* YOUR ASSIGNMENT
Among the entries below, how many lines contain the string "both"? Only the number is wanted.

STUDY MATERIAL Block Start

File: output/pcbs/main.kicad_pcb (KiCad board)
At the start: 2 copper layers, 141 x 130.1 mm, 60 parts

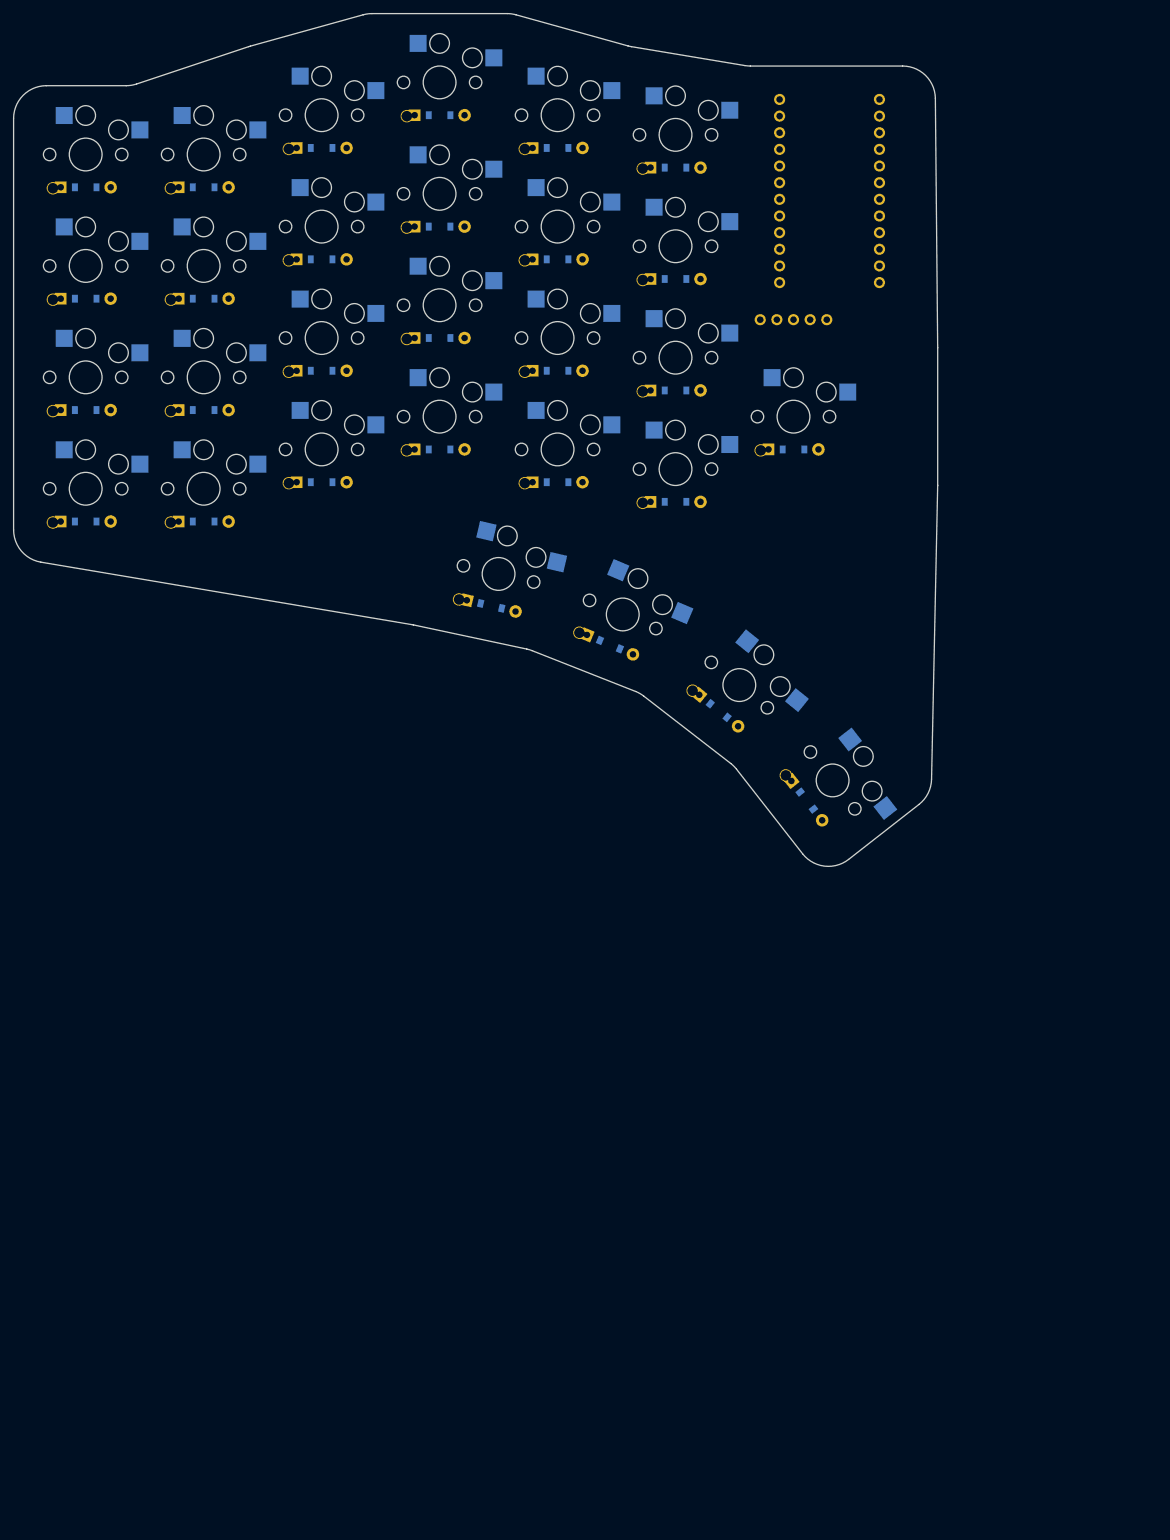
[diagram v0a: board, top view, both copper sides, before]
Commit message: Position board at top-left of A3 sheet working area
Add an anchor shift ([26, -87.5]) to the root 'main' zone so the whole board
(points, outlines, footprints all cascade from it) is translated as a rigid
unit to sit at the top-left of the A3 drawing sheet (~15mm inset), so it opens
properly placed in KiCad. Board bbox is now X:15..156 Y:15..145, comfortably
within the A3 frame. Pure translation; geometry and wiring unchanged.
Regenerated output/.
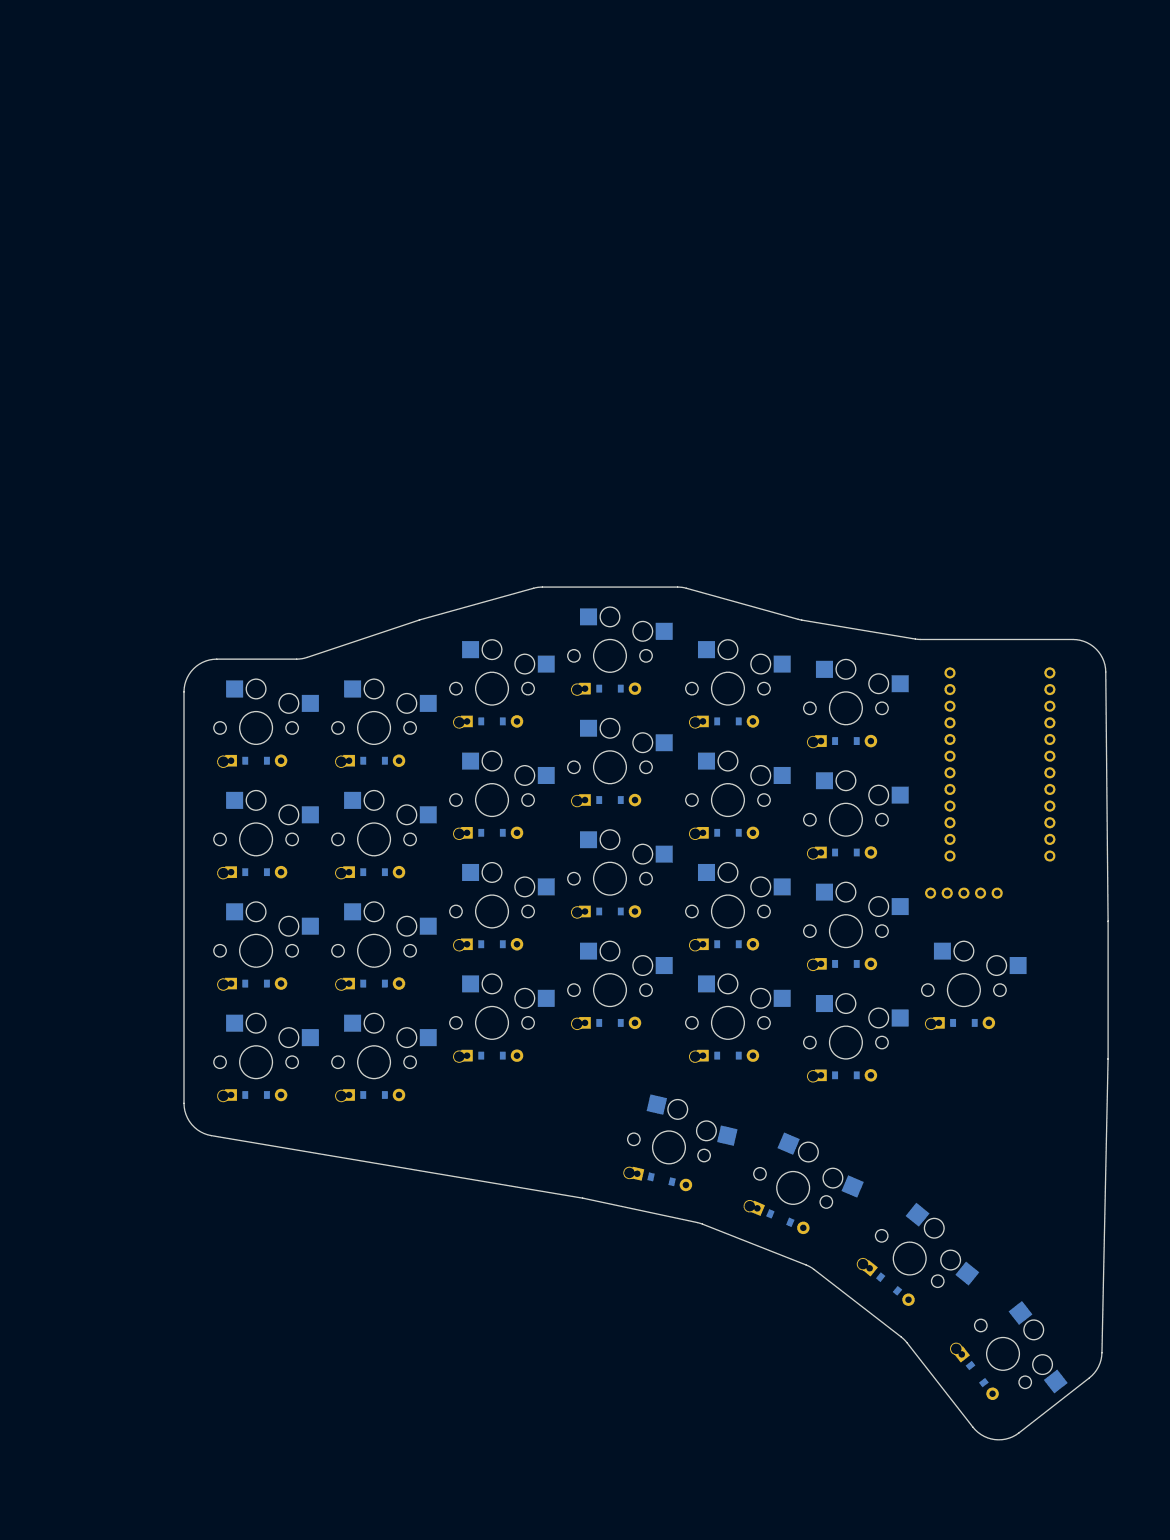
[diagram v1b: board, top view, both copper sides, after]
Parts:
- moved D1 91.3 mm to (26.0, 92.5)
- moved D10 91.3 mm to (62.0, 69.5)
- moved D11 91.3 mm to (62.0, 52.5)
- moved D12 91.3 mm to (62.0, 35.5)
- moved D13 91.3 mm to (80.0, 81.5)
- moved D14 91.3 mm to (80.0, 64.5)
- moved D15 91.3 mm to (80.0, 47.5)
- moved D16 91.3 mm to (80.0, 30.5)
- moved D17 91.3 mm to (98.0, 86.5)
- moved D18 91.3 mm to (98.0, 69.5)
- moved D19 91.3 mm to (98.0, 52.5)
- moved D2 91.3 mm to (26.0, 75.5)
- moved D20 91.3 mm to (98.0, 35.5)
- moved D21 91.3 mm to (116.0, 89.5)
- moved D22 91.3 mm to (116.0, 72.5)
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
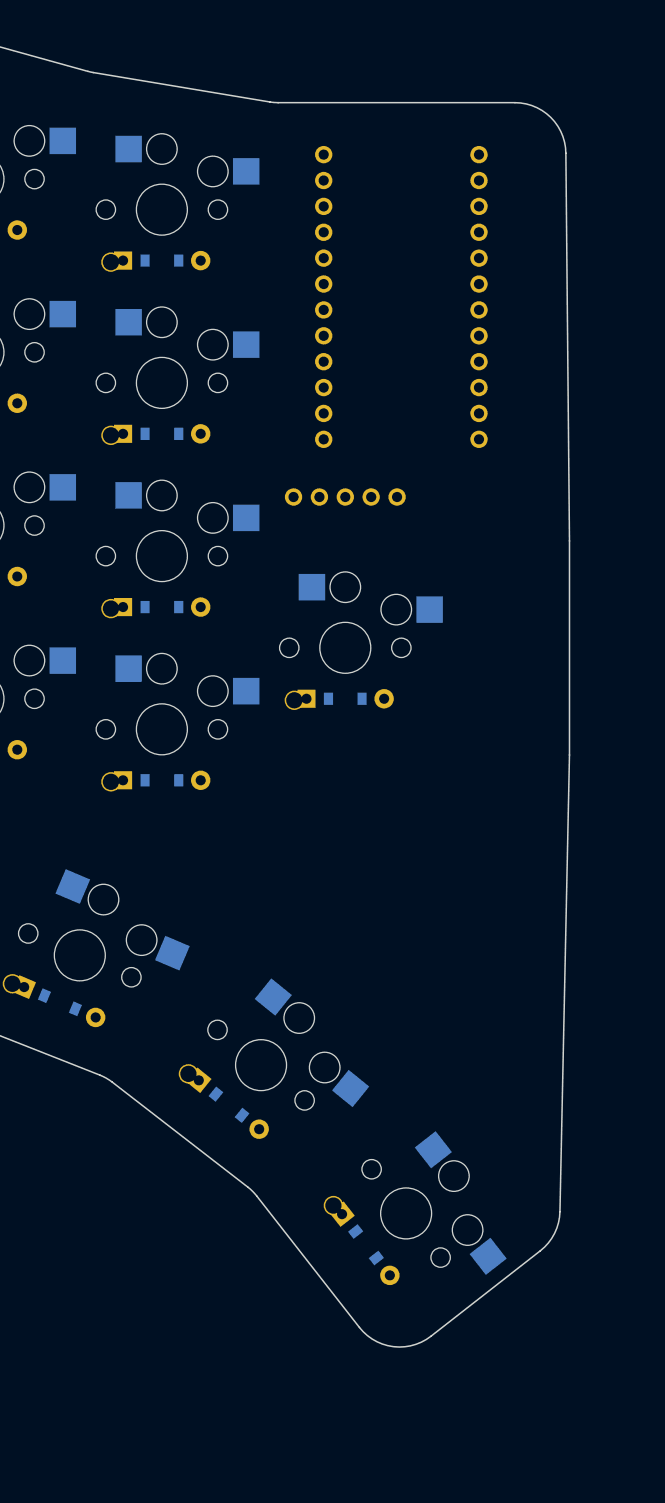
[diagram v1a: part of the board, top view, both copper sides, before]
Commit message: Add Panasonic EVQWGD001 rotary encoders (x2)
- Add KiCad 8 (footprint syntax) port of the EVQWGD001 scroll encoder
  footprint (converted from the legacy ergogen 'scrollwheel' module footprint)
  at footprints/ceoloide/encoder_evqwgd001.js
- Place two encoders on the Back side with placeholder positions (adjust
  where: to taste)
- Wire rotary A/C to free nice!nano pins P0/P1 (ENC1) and P2/P10 (ENC2);
  B/D and push-switch tied to GND for now
- Regenerated output/
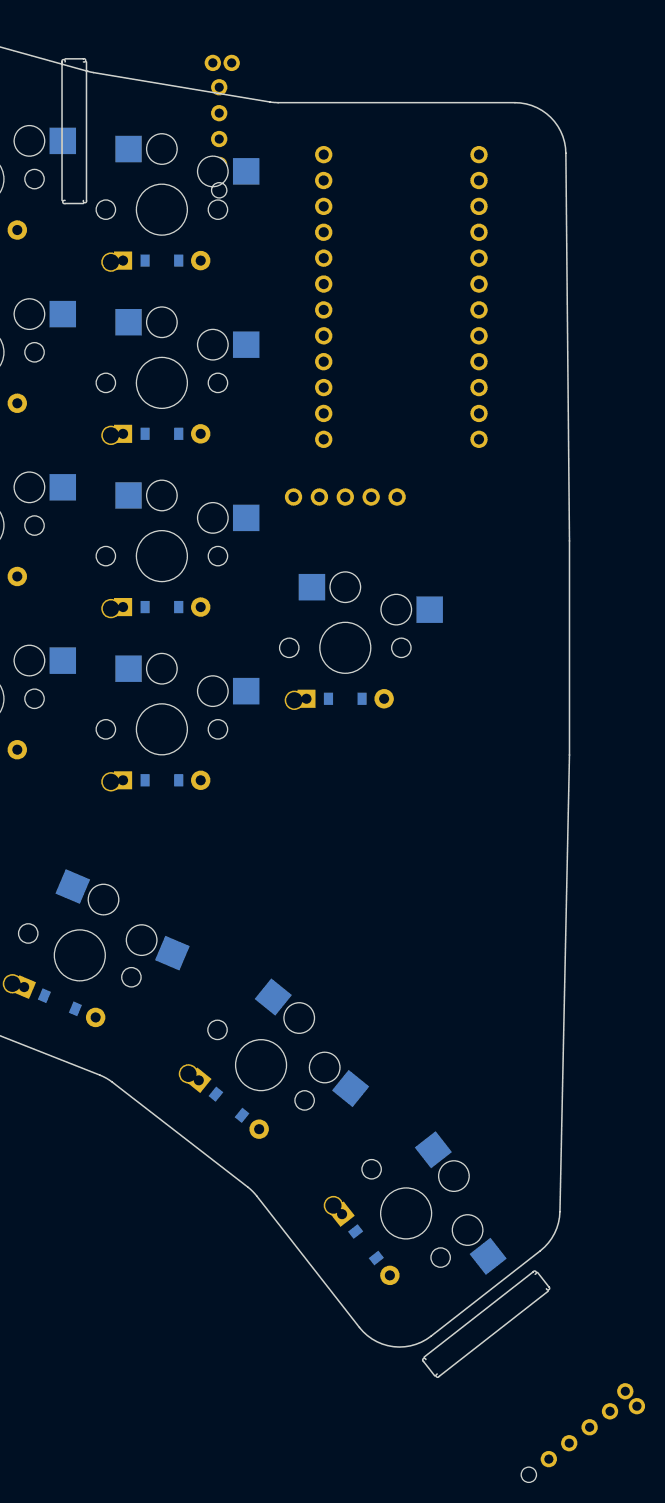
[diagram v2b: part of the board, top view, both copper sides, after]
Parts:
- added ENC1: , ceoloide:encoder_evqwgd001, B.Cu at (153.5, 149.3)
- added ENC2: , ceoloide:encoder_evqwgd001, B.Cu at (116.0, 25.3)
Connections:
- MCU1 pad 1: P1 -> ENC1_C
- MCU1 pad 13: P10 -> ENC2_C
- MCU1 pad 2: P0 -> ENC1_A
- MCU1 pad 5: P2 -> ENC2_A
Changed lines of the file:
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@@
 (net 52 "RAW")
 (net 53 "RST")
-(net 54 "P10")
-(net 55 "P1")
-(net 56 "P0")
-(net 57 "P2")
+(net 54 "ENC2_C")
+(net 55 "ENC1_C")
+(net 56 "ENC1_A")
+(net 57 "ENC2_A")
 (net 58 "P101")
 (net 59 "P102")
@@
     (fp_line (start -8.89 16.57) (end 8.89 16.57) (layer "Dwgs.User") (stroke (width 0.15) (type solid)))
     (pad "24" thru_hole circle (at -7.62 -12.7 0) (size 1.7 1.7) (drill 1) (layers "*.Cu" "*.Mask") (net 52 "RAW"))
-    (pad "1" thru_hole circle (at 7.62 -12.7 0) (size 1.7 1.7) (drill 1) (layers "*.Cu" "*.Mask") (net 55 "P1"))
-    (fp_text user "P1" (at 4.47 -12.7 0) (layer "B.SilkS")
+    (pad "1" thru_hole circle (at 7.62 -12.7 0) (size 1.7 1.7) (drill 1) (layers "*.Cu" "*.Mask") (net 55 "ENC1_C"))
+    (fp_text user "ENC1_C" (at 4.47 -12.7 0) (layer "B.SilkS")
       (effects (font (size 1 1) (thickness 0.15)) (justify mirror))
     )
@@
     )
     (pad "23" thru_hole circle (at -7.62 -10.16 0) (size 1.7 1.7) (drill 1) (layers "*.Cu" "*.Mask") (net 3 "GND"))
-    (pad "2" thru_hole circle (at 7.62 -10.16 0) (size 1.7 1.7) (drill 1) (layers "*.Cu" "*.Mask") (net 56 "P0"))
-    (fp_text user "P0" (at 4.47 -10.16 0) (layer "B.SilkS")
+    (pad "2" thru_hole circle (at 7.62 -10.16 0) (size 1.7 1.7) (drill 1) (layers "*.Cu" "*.Mask") (net 56 "ENC1_A"))
+    (fp_text user "ENC1_A" (at 4.47 -10.16 0) (layer "B.SilkS")
       (effects (font (size 1 1) (thickness 0.15)) (justify mirror))
     )
@@
     )
     (pad "20" thru_hole circle (at -7.62 -2.539999999999999 0) (size 1.7 1.7) (drill 1) (layers "*.Cu" "*.Mask") (net 1 "P21"))
-    (pad "5" thru_hole circle (at 7.62 -2.539999999999999 0) (size 1.7 1.7) (drill 1) (layers "*.Cu" "*.Mask") (net 57 "P2"))
-    (fp_text user "P2" (at 4.47 -2.539999999999999 0) (layer "B.SilkS")
+    (pad "5" thru_hole circle (at 7.62 -2.539999999999999 0) (size 1.7 1.7) (drill 1) (layers "*.Cu" "*.Mask") (net 57 "ENC2_A"))
+    (fp_text user "ENC2_A" (at 4.47 -2.539999999999999 0) (layer "B.SilkS")
       (effects (font (size 1 1) (thickness 0.15)) (justify mirror))
     )
@@
       (effects (font (size 1 1) (thickness 0.15)) (justify mirror))
     )
-    (pad "13" thru_hole circle (at -7.62 15.240000000000002 0) (size 1.7 1.7) (drill 1) (layers "*.Cu" "*.Mask") (net 54 "P10"))
+    (pad "13" thru_hole circle (at -7.62 15.240000000000002 0) (size 1.7 1.7) (drill 1) (layers "*.Cu" "*.Mask") (net 54 "ENC2_C"))
     (pad "12" thru_hole circle (at 7.62 15.240000000000002 0) (size 1.7 1.7) (drill 1) (layers "*.Cu" "*.Mask") (net 45 "SCK"))
     (fp_text user "SCK" (at 4.47 15.240000000000002 0) (layer "B.SilkS")
       (effects (font (size 1 1) (thickness 0.15)) (justify mirror))
     )
-    (fp_text user "P10" (at -4.47 15.240000000000002 0) (layer "B.SilkS")
+    (fp_text user "ENC2_C" (at -4.47 15.240000000000002 0) (layer "B.SilkS")
       (effects (font (size 1 1) (thickness 0.15)) (justify mirror))
     )
@@
     (fp_line (start 8.95 -11.43) (end 6.29 -11.43) (layer "B.SilkS") (stroke (width 0.12) (type solid)))
   )
+  (footprint "ceoloide:encoder_evqwgd001"
+    (layer "B.Cu")
+    (at 153.51322950000002 149.3410483 -52)
+    (property "Reference" "ENC1"
+      (at 0 0 -52)
+      (layer "B.SilkS")
+      hide
+      (effects (font (size 1 1) (thickness 0.15)))
+    )
+    (attr through_hole)
+    (fp_line (start -8.4 -6.4) (end 8.4 -6.4) (layer "Dwgs.User") (stroke (width 0.12) (type solid)))
+    (fp_line (start 8.4 -6.4) (end 8.4 7.4) (layer "Dwgs.User") (stroke (width 0.12) (type solid)))
+    (fp_line (start 8.4 7.4) (end -8.4 7.4) (layer "Dwgs.User") (stroke (width 0.12) (type solid)))
+    (fp_line (start -8.4 7.4) (end -8.4 -6.4) (layer "Dwgs.User") (stroke (width 0.12) (type solid)))
+      (fp_line (start -9.8 7.3) (end -9.8 -6.3) (layer "Edge.Cuts") (stroke (width 0.15) (type solid)))
+      (fp_line (start -7.4 -6.3) (end -7.4 7.3) (layer "Edge.Cuts") (stroke (width 0.15) (type solid)))
+      (fp_line (start -9.5 -6.6) (end -7.7 -6.6) (layer "Edge.Cuts") (stroke (width 0.15) (type solid)))
+      (fp_line (start -7.7 7.6) (end -9.5 7.6) (layer "Edge.Cuts") (stroke (width 0.15) (type solid)))
+      (fp_arc (start -7.7 7.3) (mid -7.4878 7.5121) (end -7.4 7.3) (layer "Edge.Cuts") (stroke (width 0.15) (type solid)))
+      (fp_arc (start -9.5 7.3) (mid -9.7121 7.5121) (end -9.5 7.6) (layer "Edge.Cuts") (stroke (width 0.15) (type solid)))
+      (fp_arc (start -7.7 -6.3) (mid -7.4878 -6.5121) (end -7.7 -6.6) (layer "Edge.Cuts") (stroke (width 0.15) (type solid)))
+      (fp_arc (start -9.5 -6.3) (mid -9.7121 -6.5121) (end -9.8 -6.3) (layer "Edge.Cuts") (stroke (width 0.15) (type solid)))
+      (pad "1" thru_hole circle (at 6.85 -6.2 -52) (size 1.6 1.6) (drill 0.9) (layers "*.Cu" "*.Mask") (net 3 "GND"))
+      (pad "2" thru_hole circle (at 5 -6.2 -52) (size 1.6 1.6) (drill 0.9) (layers "*.Cu" "*.Mask") (net 3 "GND"))
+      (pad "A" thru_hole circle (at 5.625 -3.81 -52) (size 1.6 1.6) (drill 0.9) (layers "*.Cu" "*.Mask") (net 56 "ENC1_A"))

STUDY MATERIAL Block End

* ANSWER BOX
4